Le président de la composition, le juge Jean Ubulu, a indiqué que la citation avait été régulièrement délivrée à l’intéressé depuis le 6 août.

Selon les éléments présentés à la Cour, un huissier s’était rendu au Centre médical Harmonie, où Constant Mutamba se trouvait, mais celui-ci aurait refusé de réceptionner et de signer l’acte.

La Cour a considéré l’exploit comme régulier.

Pourquoi l’affaire FRIVAO est-elle si importante ?

Au-delà des personnes poursuivies, le procès revêt une importance particulière en raison de l’origine des fonds concernés.

La RDC a reçu 325 millions de dollars américains au titre des réparations dues par l’Ouganda à la suite de la décision de la Cour internationale de Justice (CIJ) relative aux dommages causés par les activités illicites de l’Ouganda sur le territoire congolais.

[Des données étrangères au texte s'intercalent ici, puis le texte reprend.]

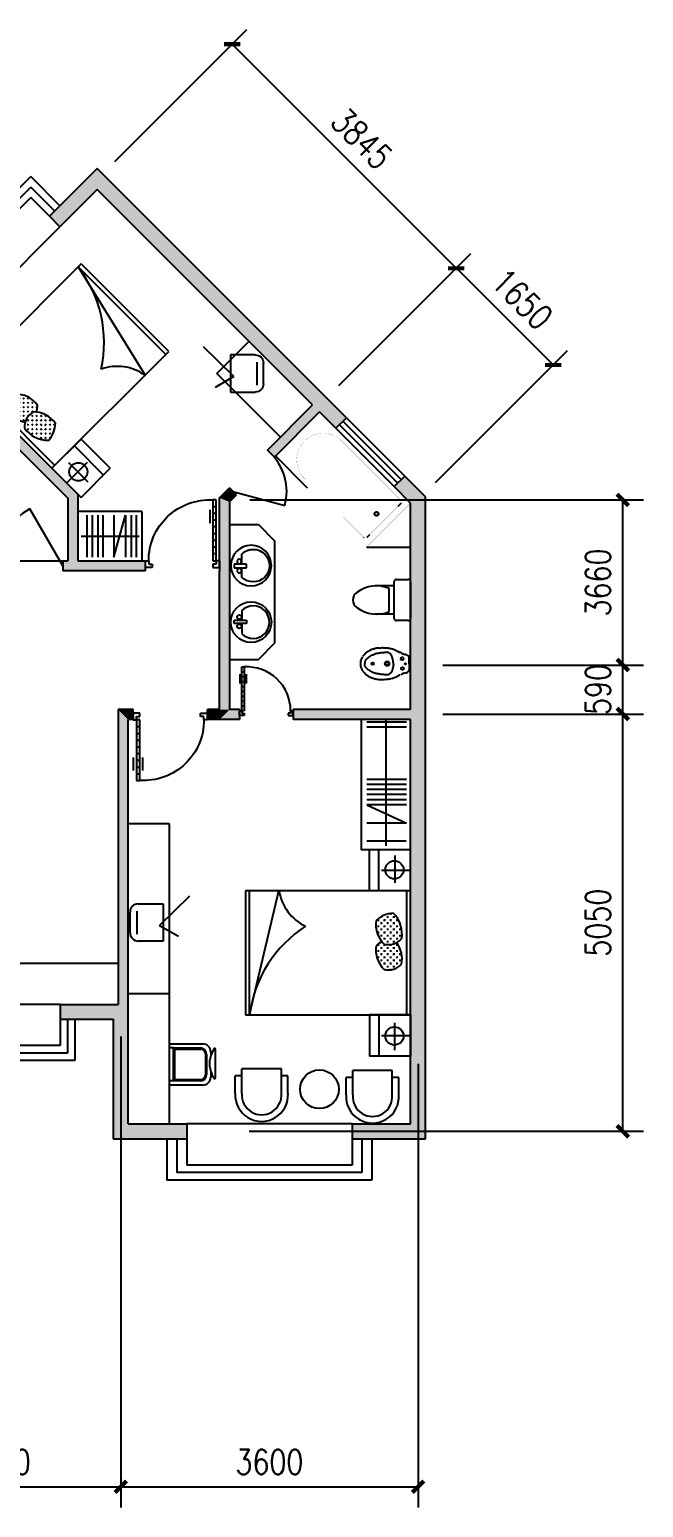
# Model space of a CAD drawing. Header units: millimetres. Extents: x 793 to 38097, y 481 to 18381.
# Drawn here: x 30665 to 38097, y 481 to 18381 of the extents above; entities that cross this region are included whole.
import ezdxf
from ezdxf.enums import TextEntityAlignment as Align

# ---------------------------------------------------------------- set-up
doc = ezdxf.new("R2010")
doc.units = ezdxf.units.MM
for name, color, linetype in [('DIM', 15, 'Continuous'), ('H', 13, 'Continuous'), ('J', 7, 'Continuous'), ('PUB_H', 13, 'Continuous'), ('TOILET', 7, 'Continuous'), ('W', 2, 'Continuous'), ('WALL', 4, 'Continuous'), ('WC', 10, 'Continuous')]:
    doc.layers.add(name, color=color, linetype=linetype)
doc.styles.add('CHINA', font='romant', dxfattribs={"width": 0.8, "height": 150, "bigfont": 'fs64f'})
doc.styles.add('DIM_FONT', font='SIMPLEX.shx', dxfattribs={"width": 0.8})
doc.styles.add('SIMPLEX', font='SIMPLEX.SHX')
doc.styles.get("Standard").update_dxf_attribs({"font": 'arial.ttf'})
doc.dimstyles.new('DIMN', dxfattribs={"dimtxt": 300, "dimasz": 1, "dimexe": 250, "dimexo": 300, "dimgap": 150, "dimtad": 1, "dimdec": 0, "dimdsep": 46, "dimtxsty": 'DIM_FONT', "dimblk": '_DIMX', "dimblk1": 'ARCHTICK', "dimblk2": 'ARCHTICK', "dimcen": 0.1, "dimclrt": 7, "dimadec": 0, "dimazin": 0, "dimtfac": 1, "dimtdec": 0, "dimtix": 1, "dimtmove": 2, "dimatfit": 3, "dimldrblk": '_DIMX', "dimfxl": 1, "dimtolj": 1, "dimtzin": 0, "dimarcsym": 0})

# ---------------------------------------------------------------- blocks, each defined once
blk = doc.blocks.new('_ARCHTICK')
at = {"color": 0, "linetype": 'ByBlock', "const_width": 0.15}
blk.add_lwpolyline([(-0.5, -0.5), (0.5, 0.5)], dxfattribs=at)
blk = doc.blocks.new('_DIMX')
at = {"const_width": 50}
blk.add_lwpolyline([(-70, -70), (70, 70)], dxfattribs=at)
blk = doc.blocks.new('*D66')
at = {"layer": 'DEFPOINTS', "color": 0, "transparency": 16777216}
for p in [(35831, 15490), (34197, 13856), (35369, 12684)]:
    blk.add_point(p, dxfattribs=at)
at = {"layer": 'DIM', "color": 0, "lineweight": -2, "transparency": 16777216}
for p, q in [((34409, 14068), (36008, 15667)), ((37002, 14319), (35832, 15489)), ((35581, 12896), (37179, 14495))]:
    blk.add_line(p, q, dxfattribs=at)
for p, rotation in [((35831, 15490), 135.0000000000114), ((37003, 14318), 315.0000000000114)]:
    blk.add_blockref('_DIMX', p, dxfattribs=dict(at, rotation=rotation))
at = {"layer": 'DIM', "color": 7, "transparency": 16777216, "insert": (36629, 15116), "char_height": 300, "attachment_point": 5, "rotation": 315, "style": 'DIM_FONT'}
blk.add_mtext('\\A1;1650', dxfattribs=at)
blk = doc.blocks.new('*X17')
at = {"color": 0}
for p, q in [((285009, 2316), (285009, 2334)), ((285084, 2316), (285084, 2334)), ((285309, 2316), (285309, 2334)), ((285384, 2316), (285384, 2334)), ((284817, 2212), (284831, 2212)), ((284822, 2203), (284822, 2222)), ((284850, 2250), (284869, 2250)), ((284850, 2175), (284869, 2175)), ((284859, 2241), (284859, 2259)), ((284859, 2166), (284859, 2184)), ((284888, 2288), (284906, 2288)), ((284888, 2212), (284906, 2212)), ((284897, 2278), (284897, 2297)), ((284897, 2203), (284897, 2222)), ((284925, 2250), (284944, 2250)), ((284925, 2175), (284944, 2175)), ((284933, 2325), (284944, 2325)), ((284934, 2316), (284934, 2326)), ((284934, 2241), (284934, 2259)), ((284934, 2166), (284934, 2184)), ((284962, 2288), (284981, 2288)), ((284962, 2212), (284981, 2212)), ((284972, 2278), (284972, 2297)), ((284972, 2203), (284972, 2222)), ((285000, 2325), (285019, 2325)), ((285000, 2250), (285019, 2250)), ((285000, 2175), (285019, 2175)), ((285009, 2241), (285009, 2259)), ((285009, 2166), (285009, 2184)), ((285038, 2288), (285056, 2288)), ((285038, 2212), (285056, 2212)), ((285047, 2278), (285047, 2297)), ((285047, 2203), (285047, 2222)), ((285075, 2325), (285094, 2325)), ((285075, 2250), (285094, 2250)), ((285075, 2175), (285094, 2175)), ((285084, 2241), (285084, 2259)), ((285084, 2166), (285084, 2184)), ((285112, 2288), (285131, 2288)), ((285112, 2212), (285131, 2212)), ((285122, 2278), (285122, 2297)), ((285122, 2203), (285122, 2222)), ((285150, 2250), (285169, 2250)), ((285150, 2175), (285169, 2175)), ((285159, 2241), (285159, 2259)), ((285159, 2166), (285159, 2184)), ((285188, 2288), (285206, 2288)), ((285188, 2212), (285206, 2212)), ((285197, 2278), (285197, 2297)), ((285197, 2203), (285197, 2222)), ((285225, 2250), (285244, 2250)), ((285225, 2175), (285244, 2175)), ((285234, 2316), (285234, 2323)), ((285234, 2241), (285234, 2259)), ((285234, 2166), (285234, 2184)), ((285240, 2325), (285244, 2325)), ((285262, 2288), (285281, 2288)), ((285262, 2212), (285281, 2212)), ((285272, 2278), (285272, 2297)), ((285272, 2203), (285272, 2222)), ((285300, 2325), (285319, 2325)), ((285300, 2250), (285319, 2250)), ((285300, 2175), (285319, 2175)), ((285309, 2241), (285309, 2259)), ((285309, 2166), (285309, 2184)), ((285338, 2288), (285356, 2288)), ((285338, 2212), (285356, 2212)), ((285347, 2278), (285347, 2297)), ((285347, 2203), (285347, 2222)), ((285375, 2325), (285394, 2325)), ((285375, 2250), (285394, 2250)), ((285375, 2175), (285394, 2175)), ((285384, 2241), (285384, 2259)), ((285384, 2166), (285384, 2184)), ((285412, 2288), (285431, 2288)), ((285412, 2212), (285431, 2212)), ((285422, 2278), (285422, 2297)), ((285422, 2203), (285422, 2222)), ((285450, 2325), (285452, 2325)), ((285450, 2250), (285469, 2250)), ((285450, 2175), (285469, 2175)), ((285459, 2316), (285459, 2316)), ((285459, 2241), (285459, 2259)), ((285459, 2166), (285459, 2184)), ((285488, 2212), (285500, 2212)), ((285497, 2203), (285497, 2222)), ((284856, 2100), (284869, 2100)), ((284859, 2094), (284859, 2109)), ((284888, 2138), (284906, 2138)), ((284888, 2062), (284906, 2062)), ((284897, 2128), (284897, 2147)), ((284897, 2053), (284897, 2072)), ((284925, 2100), (284944, 2100)), ((284934, 2091), (284934, 2109)), ((284962, 2138), (284981, 2138)), ((284962, 2062), (284981, 2062)), ((284972, 2128), (284972, 2147)), ((284972, 2053), (284972, 2072)), ((285000, 2100), (285019, 2100)), ((285009, 2091), (285009, 2109)), ((285038, 2138), (285056, 2138)), ((285038, 2062), (285056, 2062)), ((285047, 2128), (285047, 2147)), ((285047, 2053), (285047, 2072)), ((285075, 2100), (285094, 2100)), ((285084, 2091), (285084, 2109)), ((285112, 2138), (285131, 2138)), ((285122, 2128), (285122, 2147)), ((285150, 2100), (285151, 2100)), ((285159, 2106), (285159, 2109)), ((285163, 2100), (285169, 2100)), ((285188, 2138), (285206, 2138)), ((285188, 2062), (285206, 2062)), ((285197, 2128), (285197, 2147)), ((285197, 2053), (285197, 2072)), ((285225, 2100), (285244, 2100)), ((285234, 2091), (285234, 2109)), ((285262, 2138), (285281, 2138)), ((285262, 2062), (285281, 2062)), ((285272, 2128), (285272, 2147)), ((285272, 2053), (285272, 2072)), ((285300, 2100), (285319, 2100)), ((285309, 2091), (285309, 2109)), ((285338, 2138), (285356, 2138)), ((285338, 2062), (285356, 2062)), ((285347, 2128), (285347, 2147)), ((285347, 2053), (285347, 2072)), ((285375, 2100), (285394, 2100)), ((285384, 2091), (285384, 2109)), ((285412, 2138), (285431, 2138)), ((285422, 2128), (285422, 2147)), ((285450, 2100), (285458, 2100)), ((285459, 2101), (285459, 2109)), ((285488, 2138), (285497, 2138)), ((285497, 2138), (285497, 2147))]:
    blk.add_line(p, q, dxfattribs=at)
blk = doc.blocks.new('_C2ZTH')
for p, q in [((-500, 750), (-500, 1250)), ((0, 1250), (-500, 1250)), ((-385, 750), (-385, 1250)), ((-191, 1178), (-191, 849)), ((0, 750), (0, 1250)), ((-353, 1001), (2, 1001)), ((0, 750), (-500, 750)), ((0, -750), (-500, -750)), ((-500, -750), (-500, -1250)), ((-385, -750), (-385, -1250)), ((-191, -1178), (-191, -849)), ((0, -750), (0, -1250)), ((-353, -1001), (2, -1001)), ((0, -1250), (-500, -1250))]:
    blk.add_line(p, q)
for centre in [(-196, 1006), (-196, -1006)]:
    blk.add_circle(centre, 110)
at = {"layer": 'J'}
for p, q in [((-2000, 750), (-2000, -750)), ((0, 750), (-2000, 750)), ((-1950, -750), (-1594, 750)), ((-1950, -750), (-1950, 750)), ((-50, 750), (-50, -750)), ((0, -750), (0, 750)), ((-2000, -750), (0, -750))]:
    blk.add_line(p, q, dxfattribs=at)
for centre, radius, start, end in [((-1023, 844), 578, 189.3238, 244.457), ((-93, 341), 328, 170.9132, 225.9541), ((-194, 156), 326, 92.7966, 133.2149), ((-458, 228), 354, 350.3657, 45.5224), ((-468, -936), 1493, 122.587, 172.8499), ((-93, 35), 328, 170.9132, 225.9541), ((-194, -151), 326, 118.3278, 133.2149), ((-270, 322), 222, 256.7256, 316.496), ((-458, -78), 354, 350.3657, 34.9896), ((-270, 15), 222, 256.7256, 316.496)]:
    blk.add_arc(centre, radius, start, end, dxfattribs=at)
at = {"layer": 'J', "rotation": 270}
blk.add_blockref('*X17', (-2455, 285295), dxfattribs=at)
at = {"style": 'DIM_FONT', "width": 0.8, "flags": 9}
for tag in ['XSIZE', 'YSIZE']:
    blk.add_attdef(tag, (0, 0), '', height=0.5, dxfattribs=at)
blk = doc.blocks.new('_DBLK')
blk.add_line((-0.5, 0), (0, -0.866))
blk.add_arc((-0.5, 0), 1, 300, 0)
at = {"style": 'SIMPLEX', "flags": 9}
blk.add_attdef('A', text='', height=1, dxfattribs=at).set_placement((0, 1.5), align=Align.MIDDLE)
blk = doc.blocks.new('M_E4')
for p, q in [((670, -80), (670, -137)), ((670, -86), (670, -97)), ((670, -663), (670, -614))]:
    blk.add_line(p, q)
at = {"const_width": 1.5}
for points in [[(-750, -750), (-750, 0)], [(-750, 0), (750, 0)], [(750, 0), (750, -750)], [(608, -56), (640, -56)], [(670, -90), (670, -656)], [(670, -663), (670, -655)], [(750, -750), (-750, -750)]]:
    blk.add_lwpolyline(points, dxfattribs=at)
for points in [[(-399, -56, 0.930688), (-388, -693, 0.930688)], [(670, -86, 0.414214), (640, -56, 0.414214)], [(670, -90, 0.041784), (670, -85, 0.412615)], [(640, -693, 0.414214), (670, -663, 0.414214)]]:
    blk.add_lwpolyline(points, format="xyb", dxfattribs=at)
at = {"const_width": 1.5, "flags": 128}
for points in [[(-399, -56), (608, -56)], [(-399, -694), (645, -692)]]:
    blk.add_lwpolyline(points, dxfattribs=at)
for radius in [25, 23]:
    blk.add_circle((550, -381), radius)
blk.add_arc((640, -663), 30, 270, 280.176)
at = {"width": 0.8, "flags": 9}
for tag in ['XSIZE', 'YSIZE']:
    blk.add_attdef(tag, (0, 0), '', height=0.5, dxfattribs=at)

Ces ressources avaient vocation à contribuer à la réparation des préjudices subis par les victimes.

La gestion de ces fonds constitue donc un enjeu majeur, notamment pour les victimes qui attendent toujours des indemnisations.

C’est précisément cet aspect que la partie civile FRIVAO a mis en avant devant la Cour, estimant que l’utilisation irrégulière des fonds aurait porté atteinte à leur destination première.

La défense demande l’acquittement

Face aux accusations du ministère public, les avocats de Chançard Bolukola maintiennent que leur client n’a pas commis les faits qui lui sont reprochés.

Ils demandent à la Cour de déclarer les poursuites non fondées et d’acquitter leur client.

La défense conteste également les demandes civiles formulées devant la haute juridiction et demande que les actions civiles soient déclarées irrecevables.

L’avocat de Bolukola insiste notamment sur l’absence, selon lui, de preuves suffisamment solides permettant de justifier une condamnation pénale.

Le verdict attendu le 2 septembre

Après les plaidoiries de la défense, les conclusions des parties civiles et les réquisitions du ministère public, la Cour de cassation a pris l’affaire en délibéré.

Le président de la composition, le juge Jean Ubulu, a annoncé que le verdict était attendu le mercredi 2 septembre 2026.

Une précision importante demeure : les réquisitions du ministère public ne constituent pas une condamnation. La décision finale appartient exclusivement à la Cour de cassation, qui devra apprécier les preuves, les arguments de l’accusation, ceux de la défense ainsi que les demandes des parties civiles.

Le 2 septembre, la haute juridiction devra donc trancher la responsabilité pénale de Constant Mutamba et de Chançard Bolukola dans cette affaire qui dépasse le simple cadre d’un procès pour détournement : elle touche directement à la gestion de fonds destinés à réparer les préjudices subis par des victimes congolaises.